CCA placed T. volvocina near the NO3-N vector. This species is widespread in lakes and reservoirs in Turkey (Öterler, 2013). T. volvocina is a typical indicator of medium to high levels of organic matter, and it is usually associated with high nitrogen levels (Balzer et al., 2023). The high nitrogen concentrations from runoff of farmlands might have stimulated the growth of this euglenoid in Manyas Reservoir.
CCA showed that D. communis was closely related to EC. Ersanlı and Gönülol (2003) stated that D. communis was a common member of the phytoplankton of Lake Simenit, Turkey, which has high EC. The other dominant diatom species C. meneghiniana, N. lorenziana, D. protuberans and P. simplex did not show any specific association with any measured physical or chemical variables. These species are typically cosmopolitan and widely distributed in inland waters of all continents (Klimaszyk et al., 2022).

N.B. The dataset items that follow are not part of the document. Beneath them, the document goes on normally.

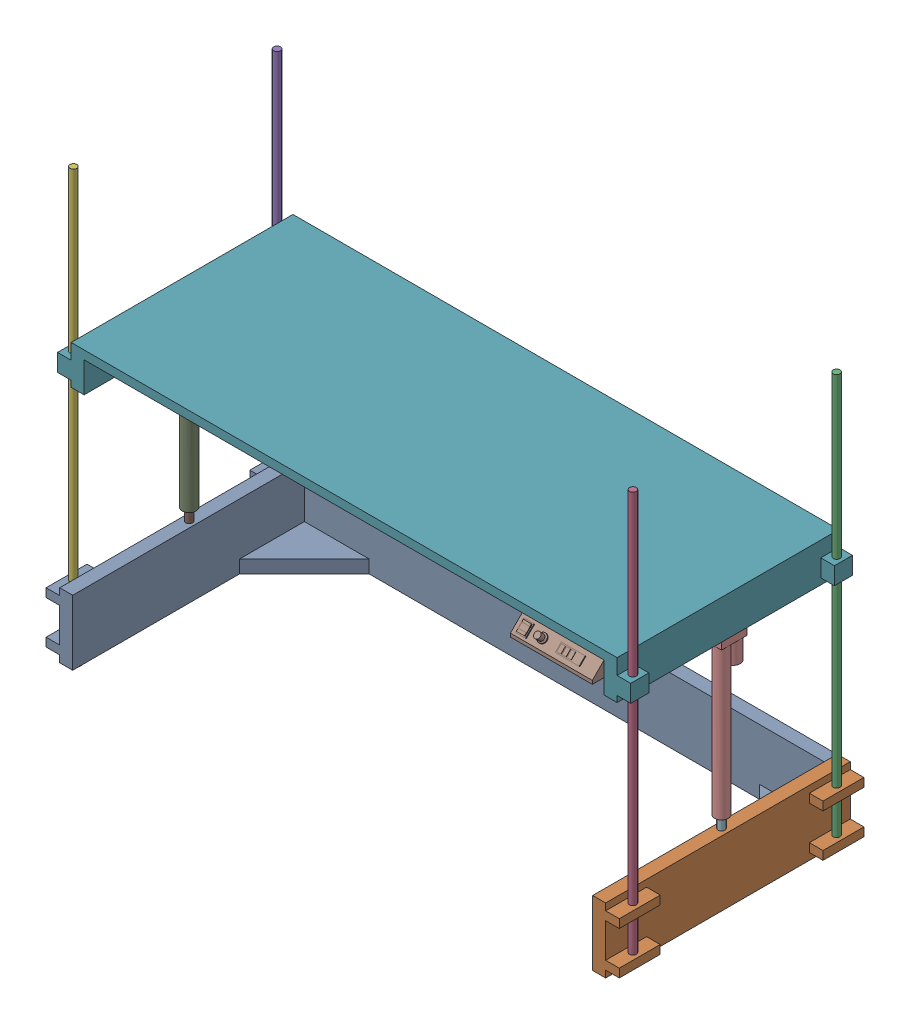
SolidWorks assembly Assem1, configuration Default. Lengths in mm.
Overall size (1680 1225 723.41).
13 component instances, 7 part files, 30 mates.
Components (placement in the parent):
- Leg Base Right-1: Leg Base Right [Default] at (550.8498 -56.0166 -252.6191) size (78 195.5 717)
- Leg Base Right-2: Leg Base Right [Default] at (2153.9303 -56.0166 470.5421) x (-1 0 0) z (0 0 -1) size (78 195.5 717)
- 1200x20mm rod-1: 1200x20mm rod [Default] at (2172.3901 -36.0166 -189.5385) size (20 1200 20)
- 1200x20mm rod-2: 1200x20mm rod [Default] at (2172.3901 -36.0166 407.4615) size (20 1200 20)
- 1200x20mm rod-3: 1200x20mm rod [Default] at (532.3901 -36.0166 -189.5385) size (20 1200 20)
- 1200x20mm rod-4: 1200x20mm rod [Default] at (532.3901 -36.0166 407.4615) size (20 1200 20)
- tabletop-2: tabletop [Default] at (552.3901 715.3471 -216.0385) size (1680 114 650)
- controller example-1: controller example [Default] at (1874.3901 670.808 401.7422) size (240 49.88 165.37)
- piston outer-3: piston outer [Default] at (572.3901 626.3471 107.9615) x (0 0 -1) z (-1 0 0) size (75 457 40)
- piston outer-4: piston outer [Default] at (2132.3901 626.3471 107.9615) x (0 0 -1) z (-1 0 0) size (75 457 40)
- piston inner-3: piston inner [Default] at (572.3901 134.4834 107.9615) x (0.974263 0 0.225414) z (-0.225414 0 0.974263) size (20 457 20)
- piston inner-4: piston inner [Default] at (2132.3901 134.4834 107.9615) x (-0.355896 0 -0.934526) z (0.934526 0 -0.355896) size (20 457 20)
- crossbar-1: crossbar [Default] at (590.3901 38.9834 -230.5385) size (1524 190 228)
Mates (geometry in assembly coordinates):
- Parallel1: parallel aligned: plane of Leg Base Right-1 through (550.8498 134.4834 -252.6191) normal (0 1 0); plane of Leg Base Right-2 through (2153.9303 134.4834 470.5421) normal (0 1 0)
- Concentric1: concentric anti-aligned: cylinder of Leg Base Right-2 through (2172.3901 -391.5166 407.4615) axis (0 1 0) radius 10; cylinder of 1200x20mm rod-2 through (2172.3901 1163.9834 407.4615) axis (0 -1 0) radius 10
- Coincident2: coincident aligned: plane of Leg Base Right-2 through (2192.3901 -36.0166 467.4615) normal (0 -1 0); plane of 1200x20mm rod-2 through (2172.3901 -36.0166 407.4615) normal (0 -1 0)
- Concentric2: concentric anti-aligned: cylinder of Leg Base Right-2 through (2172.3901 -391.5166 -189.5385) axis (0 1 0) radius 10; cylinder of 1200x20mm rod-1 through (2172.3901 1163.9834 -189.5385) axis (0 -1 0) radius 10
- Coincident3: coincident aligned: plane of Leg Base Right-2 through (2192.3901 -36.0166 -249.5385) normal (0 -1 0); plane of 1200x20mm rod-1 through (2172.3901 -36.0166 -189.5385) normal (0 -1 0)
- Concentric3: concentric anti-aligned: cylinder of Leg Base Right-1 through (532.3901 -391.5166 407.4615) axis (0 1 0) radius 10; cylinder of 1200x20mm rod-4 through (532.3901 1163.9834 407.4615) axis (0 -1 0) radius 10
- Coincident4: coincident aligned: plane of Leg Base Right-1 through (512.3901 -36.0166 467.4615) normal (0 -1 0); plane of 1200x20mm rod-4 through (532.3901 -36.0166 407.4615) normal (0 -1 0)
- Concentric4: concentric anti-aligned: cylinder of Leg Base Right-1 through (532.3901 -391.5166 -189.5385) axis (0 1 0) radius 10; cylinder of 1200x20mm rod-3 through (532.3901 1163.9834 -189.5385) axis (0 -1 0) radius 10
- Coincident5: coincident aligned: plane of Leg Base Right-1 through (512.3901 -36.0166 -249.5385) normal (0 -1 0); plane of 1200x20mm rod-3 through (532.3901 -36.0166 -189.5385) normal (0 -1 0)
- Concentric9: concentric aligned: cylinder of 1200x20mm rod-3 through (532.3901 1163.9834 -189.5385) axis (0 -1 0) radius 10; cylinder of tabletop-2 through (532.3901 773.3471 -189.5385) axis (0 -1 0) radius 10
- Concentric11: concentric aligned: cylinder of 1200x20mm rod-1 through (2172.3901 1163.9834 -189.5385) axis (0 -1 0) radius 10; cylinder of tabletop-2 through (2172.3901 773.3471 -189.5385) axis (0 -1 0) radius 10
- Concentric12: concentric aligned: cylinder of 1200x20mm rod-2 through (2172.3901 1163.9834 407.4615) axis (0 -1 0) radius 10; cylinder of tabletop-2 through (2172.3901 773.3471 407.4615) axis (0 -1 0) radius 10
- Concentric13: concentric aligned: cylinder of 1200x20mm rod-4 through (532.3901 1163.9834 407.4615) axis (0 -1 0) radius 10; cylinder of tabletop-2 through (532.3901 773.3471 407.4615) axis (0 -1 0) radius 10
- Coincident15: coincident aligned: plane of Leg Base Right-1 through (550.8498 -56.0166 -252.6191) normal (0 -1 0); plane of Leg Base Right-2 through (2153.9303 -56.0166 470.5421) normal (0 -1 0)
- Coincident16: coincident anti-aligned: plane of tabletop-2 through (552.3901 715.3471 -216.0385) normal (0 -1 0); plane of controller example-1 through (2114.3901 715.3471 433.9615) normal (0 1 0)
- Coincident17: coincident anti-aligned: plane of tabletop-2 through (2114.3901 626.3471 -216.0385) normal (-1 0 0); plane of controller example-1 through (2114.3901 670.808 401.7422) normal (1 0 0)
- Coincident18: coincident anti-aligned: line of tabletop-2 through (590.3901 715.3471 433.9615) axis (1 0 0); line of controller example-1 through (2114.3901 715.3471 433.9615) axis (-1 0 0)
- Coincident19: coincident anti-aligned: plane of tabletop-2 through (552.3901 626.3471 -216.0385) normal (0 -1 0); plane of piston outer-3 through (572.3901 626.3471 107.9615) normal (0 1 0)
- Coincident20: coincident aligned: plane of tabletop-2 through (552.3901 740.3471 -216.0385) normal (-1 0 0); plane of piston outer-3 through (552.3901 606.3471 127.9615) normal (-1 0 0)
- Coincident21: coincident aligned: plane of tabletop-2 through (552.3901 626.3471 127.9615) normal (0 0 1); plane of piston outer-3 through (552.3901 606.3471 127.9615) normal (0 0 1)
- Coincident22: coincident anti-aligned: plane of tabletop-2 through (552.3901 626.3471 -216.0385) normal (0 -1 0); plane of piston outer-4 through (2132.3901 626.3471 107.9615) normal (0 1 0)
- Coincident23: coincident aligned: plane of tabletop-2 through (2152.3901 740.3471 -216.0385) normal (1 0 0); plane of piston outer-4 through (2152.3901 606.3471 127.9615) normal (1 0 0)
- Coincident24: coincident aligned: plane of tabletop-2 through (552.3901 626.3471 127.9615) normal (0 0 1); plane of piston outer-4 through (2112.3901 606.3471 127.9615) normal (0 0 1)
- Concentric16: concentric aligned: cylinder of piston outer-4 through (2132.3901 695.3471 107.9615) axis (0 -1 0) radius 10; cylinder of piston inner-4 through (2132.3901 591.4834 107.9615) axis (0 -1 0) radius 10
- Concentric17: concentric aligned: cylinder of piston outer-3 through (572.3901 695.3471 107.9615) axis (0 -1 0) radius 10; cylinder of piston inner-3 through (572.3901 591.4834 107.9615) axis (0 -1 0) radius 10
- Coincident25: coincident anti-aligned: plane of Leg Base Right-1 through (550.8498 134.4834 -252.6191) normal (0 1 0); plane of piston inner-3 through (572.3901 134.4834 107.9615) normal (0 -1 0)
- Coincident26: coincident anti-aligned: plane of Leg Base Right-2 through (2153.9303 134.4834 470.5421) normal (0 1 0); plane of piston inner-4 through (2132.3901 134.4834 107.9615) normal (0 -1 0)
- Coincident27: coincident anti-aligned: plane of Leg Base Right-1 through (590.3901 134.4834 -249.5385) normal (1 0 0); plane of crossbar-1 through (590.3901 38.9834 -230.5385) normal (-1 0 0)
- Coincident28: coincident aligned: plane of Leg Base Right-1 through (552.3901 134.4834 -249.5385) normal (0 0 -1); plane of crossbar-1 through (2114.3901 133.9834 -249.5385) normal (0 0 -1)
- Coincident29: coincident aligned: plane of Leg Base Right-1 through (550.8498 -56.0166 -252.6191) normal (0 -1 0); plane of crossbar-1 through (2114.3901 -56.0166 -211.5385) normal (0 -1 0)

High pH values in the reservoir probably favored C. meneghiniana, which dominated phytoplankton. According to Vidaković et al. (2024), C. meneghiniana is an alkalophilic diatom that thrives well at high pH levels.
In conclusion, environmental gradients in Manyas Reservoir strongly regulated phytoplankton community structure, particularly favoring cosmopolitan diatom species in turbulent inflow regions. T, EC, TN, NO3-N, DO and pH played a significant role in driving the seasonal distribution of dominant phytoplankton species in the reservoir. The interpretation of the dataset shows the ecological reliability and scientific value of this study. Finally, due to the importance of the Manyas Reservoir as a water resource for irrigation, flood control and hydropower production, monitoring and management of the reservoir in the future is recommended.